- Assignment -
In the records below, find the line with "#50=DIRECTION('',(0.,0.,-1.));" and the line with "#101=EDGE_CURVE('P0_E107',#69,#100,#98,.T.);". Print both exactly, along with every line between them, and no other line.

[Items from a dataset]
--------------------------------

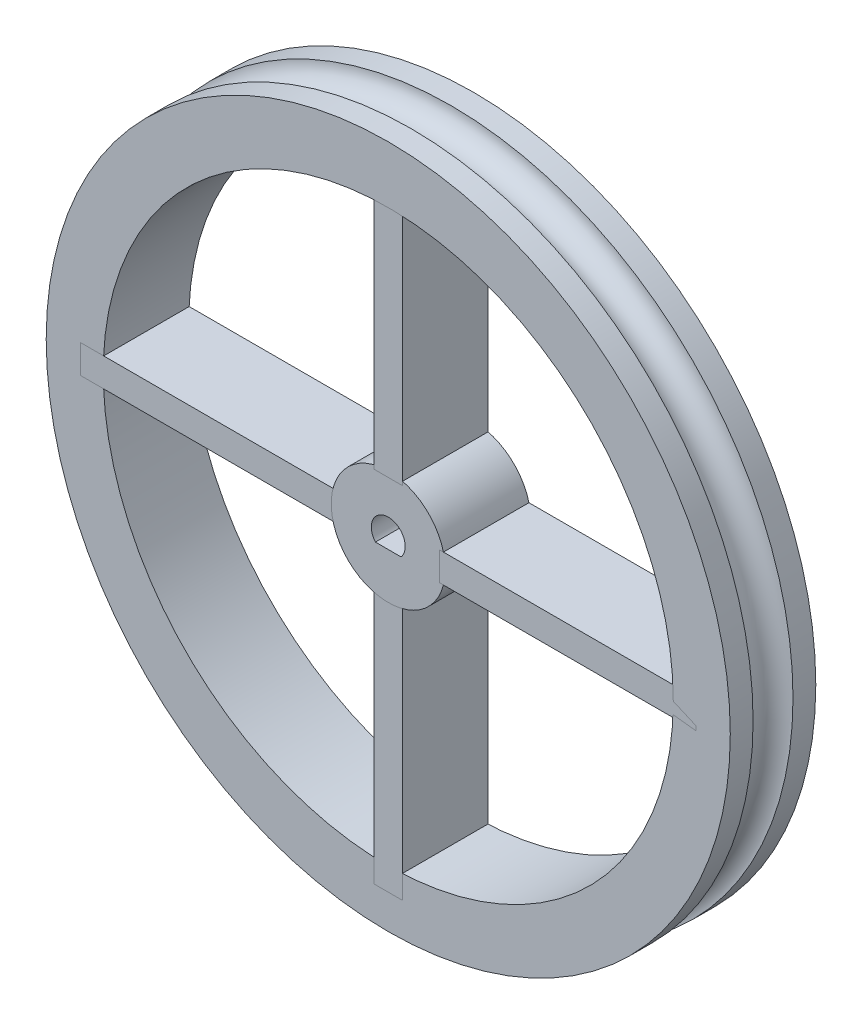
ISO-10303-21;
HEADER;
FILE_DESCRIPTION(('STEP AP214'),'2;1');
FILE_NAME('part.step','',(''),(''),'','','');
FILE_SCHEMA(('AUTOMOTIVE_DESIGN { 1 0 10303 214 1 1 1 1 }'));
ENDSEC;
DATA;
#1=APPLICATION_CONTEXT('core data for automotive mechanical design processes');
#2=APPLICATION_PROTOCOL_DEFINITION('international standard','automotive_design',2000,#1);
#3=PRODUCT_CONTEXT('',#1,'mechanical');
#4=PRODUCT('Part','Part','',(#3));
#5=PRODUCT_RELATED_PRODUCT_CATEGORY('part','',(#4));
#6=PRODUCT_DEFINITION_FORMATION('','',#4);
#7=PRODUCT_DEFINITION_CONTEXT('part definition',#1,'design');
#8=PRODUCT_DEFINITION('design','',#6,#7);
#9=PRODUCT_DEFINITION_SHAPE('','',#8);
#10=(LENGTH_UNIT() NAMED_UNIT(*) SI_UNIT(.MILLI.,.METRE.));
#11=(NAMED_UNIT(*) PLANE_ANGLE_UNIT() SI_UNIT($,.RADIAN.));
#12=(NAMED_UNIT(*) SI_UNIT($,.STERADIAN.) SOLID_ANGLE_UNIT());
#13=UNCERTAINTY_MEASURE_WITH_UNIT(LENGTH_MEASURE(1.E-05),#10,'distance_accuracy_value','');
#14=(GEOMETRIC_REPRESENTATION_CONTEXT(3) GLOBAL_UNCERTAINTY_ASSIGNED_CONTEXT((#13)) GLOBAL_UNIT_ASSIGNED_CONTEXT((#10,
#11,#12)) REPRESENTATION_CONTEXT('',''));
#15=CARTESIAN_POINT('',(0.,0.,0.));
#16=DIRECTION('',(0.,0.,1.));
#17=DIRECTION('',(1.,0.,0.));
#18=AXIS2_PLACEMENT_3D('',#15,#16,#17);
#19=CARTESIAN_POINT('',(27.432,0.,3.81));
#20=DIRECTION('',(1.,0.,0.));
#21=DIRECTION('',(0.,0.,-1.));
#22=AXIS2_PLACEMENT_3D('',#19,#20,#21);
#23=PLANE('',#22);
#24=DIRECTION('',(0.,-1.,0.));
#25=VECTOR('',#24,1.);
#26=CARTESIAN_POINT('',(27.432,0.,-3.81));
#27=LINE('',#26,#25);
#28=CARTESIAN_POINT('',(27.432,1.27,-3.81));
#29=VERTEX_POINT('',#28);
#30=CARTESIAN_POINT('',(27.432,-1.27,-3.81));
#31=VERTEX_POINT('',#30);
#32=EDGE_CURVE('P0_E102',#29,#31,#27,.T.);
#33=ORIENTED_EDGE('',*,*,#32,.F.);
#34=DIRECTION('',(0.,0.,-1.));
#35=VECTOR('',#34,1.);
#36=CARTESIAN_POINT('',(27.432,1.27,3.81));
#37=LINE('',#36,#35);
#38=CARTESIAN_POINT('',(27.432,1.27,3.81));
#39=VERTEX_POINT('',#38);
#40=EDGE_CURVE('P0_E11',#39,#29,#37,.T.);
#41=ORIENTED_EDGE('',*,*,#40,.F.);
#42=DIRECTION('',(0.,-1.,0.));
#43=VECTOR('',#42,1.);
#44=CARTESIAN_POINT('',(27.432,0.,3.81));
#45=LINE('',#44,#43);
#46=CARTESIAN_POINT('',(27.432,-1.27,3.81));
#47=VERTEX_POINT('',#46);
#48=EDGE_CURVE('P0_E80',#39,#47,#45,.T.);
#49=ORIENTED_EDGE('',*,*,#48,.T.);
#50=DIRECTION('',(0.,0.,-1.));
#51=VECTOR('',#50,1.);
#52=CARTESIAN_POINT('',(27.432,-1.27,3.81));
#53=LINE('',#52,#51);
#54=EDGE_CURVE('P0_E39',#47,#31,#53,.T.);
#55=ORIENTED_EDGE('',*,*,#54,.T.);
#56=EDGE_LOOP('',(#33,#41,#49,#55));
#57=FACE_BOUND('',#56,.T.);
#58=ADVANCED_FACE('P0_F17',(#57),#23,.T.);
#59=CARTESIAN_POINT('',(16.002,1.27,3.81));
#60=DIRECTION('',(0.,-1.,0.));
#61=DIRECTION('',(1.,0.,0.));
#62=AXIS2_PLACEMENT_3D('',#59,#60,#61);
#63=PLANE('',#62);
#64=DIRECTION('',(-1.,0.,0.));
#65=VECTOR('',#64,1.);
#66=CARTESIAN_POINT('',(16.002,1.27,-3.81));
#67=LINE('',#66,#65);
#68=CARTESIAN_POINT('',(4.572,1.27,-3.81));
#69=VERTEX_POINT('',#68);
#70=EDGE_CURVE('P0_E87',#29,#69,#67,.T.);
#71=ORIENTED_EDGE('',*,*,#70,.T.);
#72=DIRECTION('',(0.,0.,-1.));
#73=VECTOR('',#72,1.);
#74=CARTESIAN_POINT('',(4.572,1.27,3.81));
#75=LINE('',#74,#73);
#76=CARTESIAN_POINT('',(4.572,1.27,3.81));
#77=VERTEX_POINT('',#76);
#78=EDGE_CURVE('P0_E26',#77,#69,#75,.T.);
#79=ORIENTED_EDGE('',*,*,#78,.F.);
#80=DIRECTION('',(-1.,0.,0.));
#81=VECTOR('',#80,1.);
#82=CARTESIAN_POINT('',(16.002,1.27,3.81));
#83=LINE('',#82,#81);
#84=EDGE_CURVE('P0_E74',#39,#77,#83,.T.);
#85=ORIENTED_EDGE('',*,*,#84,.F.);
#86=ORIENTED_EDGE('',*,*,#40,.T.);
#87=EDGE_LOOP('',(#71,#79,#85,#86));
#88=FACE_BOUND('',#87,.T.);
#89=ADVANCED_FACE('P0_F85',(#88),#63,.F.);
#90=CARTESIAN_POINT('',(4.572,0.,3.81));
#91=DIRECTION('',(1.,0.,0.));
#92=DIRECTION('',(0.,0.,-1.));
#93=AXIS2_PLACEMENT_3D('',#90,#91,#92);
#94=PLANE('',#93);
#95=DIRECTION('',(0.,-1.,0.));
#96=VECTOR('',#95,1.);
#97=CARTESIAN_POINT('',(4.572,0.,-3.81));
#98=LINE('',#97,#96);
#99=CARTESIAN_POINT('',(4.572,-1.27,-3.81));
#100=VERTEX_POINT('',#99);
#101=EDGE_CURVE('P0_E107',#69,#100,#98,.T.);
#102=ORIENTED_EDGE('',*,*,#101,.T.);
#103=DIRECTION('',(0.,0.,-1.));
#104=VECTOR('',#103,1.);
#105=CARTESIAN_POINT('',(4.572,-1.27,3.81));
#106=LINE('',#105,#104);
#107=CARTESIAN_POINT('',(4.572,-1.27,3.81));
#108=VERTEX_POINT('',#107);
#109=EDGE_CURVE('P0_E57',#108,#100,#106,.T.);
#110=ORIENTED_EDGE('',*,*,#109,.F.);
#111=DIRECTION('',(0.,-1.,0.));
#112=VECTOR('',#111,1.);
#113=CARTESIAN_POINT('',(4.572,0.,3.81));
#114=LINE('',#113,#112);
#115=EDGE_CURVE('P0_E79',#77,#108,#114,.T.);
#116=ORIENTED_EDGE('',*,*,#115,.F.);
#117=ORIENTED_EDGE('',*,*,#78,.T.);
#118=EDGE_LOOP('',(#102,#110,#116,#117));
#119=FACE_BOUND('',#118,.T.);
#120=ADVANCED_FACE('P0_F91',(#119),#94,.F.);
#121=CARTESIAN_POINT('',(16.002,-1.27,3.81));
#122=DIRECTION('',(0.,-1.,0.));
#123=DIRECTION('',(1.,0.,0.));
#124=AXIS2_PLACEMENT_3D('',#121,#122,#123);
#125=PLANE('',#124);
#126=DIRECTION('',(-1.,0.,0.));
#127=VECTOR('',#126,1.);
#128=CARTESIAN_POINT('',(16.002,-1.27,-3.81));
#129=LINE('',#128,#127);
#130=EDGE_CURVE('P0_E109',#31,#100,#129,.T.);
#131=ORIENTED_EDGE('',*,*,#130,.F.);
#132=ORIENTED_EDGE('',*,*,#54,.F.);
#133=DIRECTION('',(-1.,0.,0.));
#134=VECTOR('',#133,1.);
#135=CARTESIAN_POINT('',(16.002,-1.27,3.81));
#136=LINE('',#135,#134);
#137=EDGE_CURVE('P0_E93',#47,#108,#136,.T.);
#138=ORIENTED_EDGE('',*,*,#137,.T.);
#139=ORIENTED_EDGE('',*,*,#109,.T.);
#140=EDGE_LOOP('',(#131,#132,#138,#139));
#141=FACE_BOUND('',#140,.T.);
#142=ADVANCED_FACE('P0_F128',(#141),#125,.T.);
#143=CARTESIAN_POINT('',(0.,0.,3.81));
#144=DIRECTION('',(0.,0.,1.));
#145=DIRECTION('',(1.,0.,0.));
#146=AXIS2_PLACEMENT_3D('',#143,#144,#145);
#147=PLANE('',#146);
#148=ORIENTED_EDGE('',*,*,#48,.F.);
#149=ORIENTED_EDGE('',*,*,#84,.T.);
#150=ORIENTED_EDGE('',*,*,#115,.T.);
#151=ORIENTED_EDGE('',*,*,#137,.F.);
#152=EDGE_LOOP('',(#148,#149,#150,#151));
#153=FACE_BOUND('',#152,.T.);
#154=ADVANCED_FACE('P0_F76',(#153),#147,.T.);
#155=CARTESIAN_POINT('',(0.,0.,-3.81));
#156=DIRECTION('',(0.,0.,1.));
#157=DIRECTION('',(1.,0.,0.));
#158=AXIS2_PLACEMENT_3D('',#155,#156,#157);
#159=PLANE('',#158);
#160=ORIENTED_EDGE('',*,*,#32,.T.);
#161=ORIENTED_EDGE('',*,*,#130,.T.);
#162=ORIENTED_EDGE('',*,*,#101,.F.);
#163=ORIENTED_EDGE('',*,*,#70,.F.);
#164=EDGE_LOOP('',(#160,#161,#162,#163));
#165=FACE_BOUND('',#164,.T.);
#166=ADVANCED_FACE('P0_F136',(#165),#159,.F.);
#167=CLOSED_SHELL('',(#58,#89,#120,#142,#154,#166));
#168=MANIFOLD_SOLID_BREP('P0_B1',#167);
#169=CARTESIAN_POINT('',(-4.572,0.,3.81));
#170=DIRECTION('',(1.,0.,0.));
#171=DIRECTION('',(0.,1.,0.));
#172=AXIS2_PLACEMENT_3D('',#169,#170,#171);
#173=PLANE('',#172);
#174=DIRECTION('',(0.,-1.,0.));
#175=VECTOR('',#174,1.);
#176=CARTESIAN_POINT('',(-4.572,0.,-3.81));
#177=LINE('',#176,#175);
#178=CARTESIAN_POINT('',(-4.572,1.27,-3.81));
#179=VERTEX_POINT('',#178);
#180=CARTESIAN_POINT('',(-4.572,-1.27,-3.81));
#181=VERTEX_POINT('',#180);
#182=EDGE_CURVE('P1_E102',#179,#181,#177,.T.);
#183=ORIENTED_EDGE('',*,*,#182,.F.);
#184=DIRECTION('',(0.,0.,-1.));
#185=VECTOR('',#184,1.);
#186=CARTESIAN_POINT('',(-4.572,1.27,3.81));
#187=LINE('',#186,#185);
#188=CARTESIAN_POINT('',(-4.572,1.27,3.81));
#189=VERTEX_POINT('',#188);
#190=EDGE_CURVE('P1_E11',#189,#179,#187,.T.);
#191=ORIENTED_EDGE('',*,*,#190,.F.);
#192=DIRECTION('',(0.,-1.,0.));
#193=VECTOR('',#192,1.);
#194=CARTESIAN_POINT('',(-4.572,0.,3.81));
#195=LINE('',#194,#193);
#196=CARTESIAN_POINT('',(-4.572,-1.27,3.81));
#197=VERTEX_POINT('',#196);
#198=EDGE_CURVE('P1_E80',#189,#197,#195,.T.);
#199=ORIENTED_EDGE('',*,*,#198,.T.);
#200=DIRECTION('',(0.,0.,-1.));
#201=VECTOR('',#200,1.);
#202=CARTESIAN_POINT('',(-4.572,-1.27,3.81));
#203=LINE('',#202,#201);
#204=EDGE_CURVE('P1_E39',#197,#181,#203,.T.);
#205=ORIENTED_EDGE('',*,*,#204,.T.);
#206=EDGE_LOOP('',(#183,#191,#199,#205));
#207=FACE_BOUND('',#206,.T.);
#208=ADVANCED_FACE('P1_F17',(#207),#173,.T.);
#209=CARTESIAN_POINT('',(-16.002,1.27,3.81));
#210=DIRECTION('',(0.,-1.,0.));
#211=DIRECTION('',(1.,0.,0.));
#212=AXIS2_PLACEMENT_3D('',#209,#210,#211);
#213=PLANE('',#212);
#214=DIRECTION('',(-1.,0.,0.));
#215=VECTOR('',#214,1.);
#216=CARTESIAN_POINT('',(-16.002,1.27,-3.81));
#217=LINE('',#216,#215);
#218=CARTESIAN_POINT('',(-27.432,1.27,-3.81));
#219=VERTEX_POINT('',#218);
#220=EDGE_CURVE('P1_E87',#179,#219,#217,.T.);
#221=ORIENTED_EDGE('',*,*,#220,.T.);
#222=DIRECTION('',(0.,0.,-1.));
#223=VECTOR('',#222,1.);
#224=CARTESIAN_POINT('',(-27.432,1.27,3.81));
#225=LINE('',#224,#223);
#226=CARTESIAN_POINT('',(-27.432,1.27,3.81));
#227=VERTEX_POINT('',#226);
#228=EDGE_CURVE('P1_E26',#227,#219,#225,.T.);
#229=ORIENTED_EDGE('',*,*,#228,.F.);
#230=DIRECTION('',(-1.,0.,0.));
#231=VECTOR('',#230,1.);
#232=CARTESIAN_POINT('',(-16.002,1.27,3.81));
#233=LINE('',#232,#231);
#234=EDGE_CURVE('P1_E74',#189,#227,#233,.T.);
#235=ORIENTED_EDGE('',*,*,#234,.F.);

--------------------------------

- Response area -
#50=DIRECTION('',(0.,0.,-1.));
#51=VECTOR('',#50,1.);
#52=CARTESIAN_POINT('',(27.432,-1.27,3.81));
#53=LINE('',#52,#51);
#54=EDGE_CURVE('P0_E39',#47,#31,#53,.T.);
#55=ORIENTED_EDGE('',*,*,#54,.T.);
#56=EDGE_LOOP('',(#33,#41,#49,#55));
#57=FACE_BOUND('',#56,.T.);
#58=ADVANCED_FACE('P0_F17',(#57),#23,.T.);
#59=CARTESIAN_POINT('',(16.002,1.27,3.81));
#60=DIRECTION('',(0.,-1.,0.));
#61=DIRECTION('',(1.,0.,0.));
#62=AXIS2_PLACEMENT_3D('',#59,#60,#61);
#63=PLANE('',#62);
#64=DIRECTION('',(-1.,0.,0.));
#65=VECTOR('',#64,1.);
#66=CARTESIAN_POINT('',(16.002,1.27,-3.81));
#67=LINE('',#66,#65);
#68=CARTESIAN_POINT('',(4.572,1.27,-3.81));
#69=VERTEX_POINT('',#68);
#70=EDGE_CURVE('P0_E87',#29,#69,#67,.T.);
#71=ORIENTED_EDGE('',*,*,#70,.T.);
#72=DIRECTION('',(0.,0.,-1.));
#73=VECTOR('',#72,1.);
#74=CARTESIAN_POINT('',(4.572,1.27,3.81));
#75=LINE('',#74,#73);
#76=CARTESIAN_POINT('',(4.572,1.27,3.81));
#77=VERTEX_POINT('',#76);
#78=EDGE_CURVE('P0_E26',#77,#69,#75,.T.);
#79=ORIENTED_EDGE('',*,*,#78,.F.);
#80=DIRECTION('',(-1.,0.,0.));
#81=VECTOR('',#80,1.);
#82=CARTESIAN_POINT('',(16.002,1.27,3.81));
#83=LINE('',#82,#81);
#84=EDGE_CURVE('P0_E74',#39,#77,#83,.T.);
#85=ORIENTED_EDGE('',*,*,#84,.F.);
#86=ORIENTED_EDGE('',*,*,#40,.T.);
#87=EDGE_LOOP('',(#71,#79,#85,#86));
#88=FACE_BOUND('',#87,.T.);
#89=ADVANCED_FACE('P0_F85',(#88),#63,.F.);
#90=CARTESIAN_POINT('',(4.572,0.,3.81));
#91=DIRECTION('',(1.,0.,0.));
#92=DIRECTION('',(0.,0.,-1.));
#93=AXIS2_PLACEMENT_3D('',#90,#91,#92);
#94=PLANE('',#93);
#95=DIRECTION('',(0.,-1.,0.));
#96=VECTOR('',#95,1.);
#97=CARTESIAN_POINT('',(4.572,0.,-3.81));
#98=LINE('',#97,#96);
#99=CARTESIAN_POINT('',(4.572,-1.27,-3.81));
#100=VERTEX_POINT('',#99);
#101=EDGE_CURVE('P0_E107',#69,#100,#98,.T.);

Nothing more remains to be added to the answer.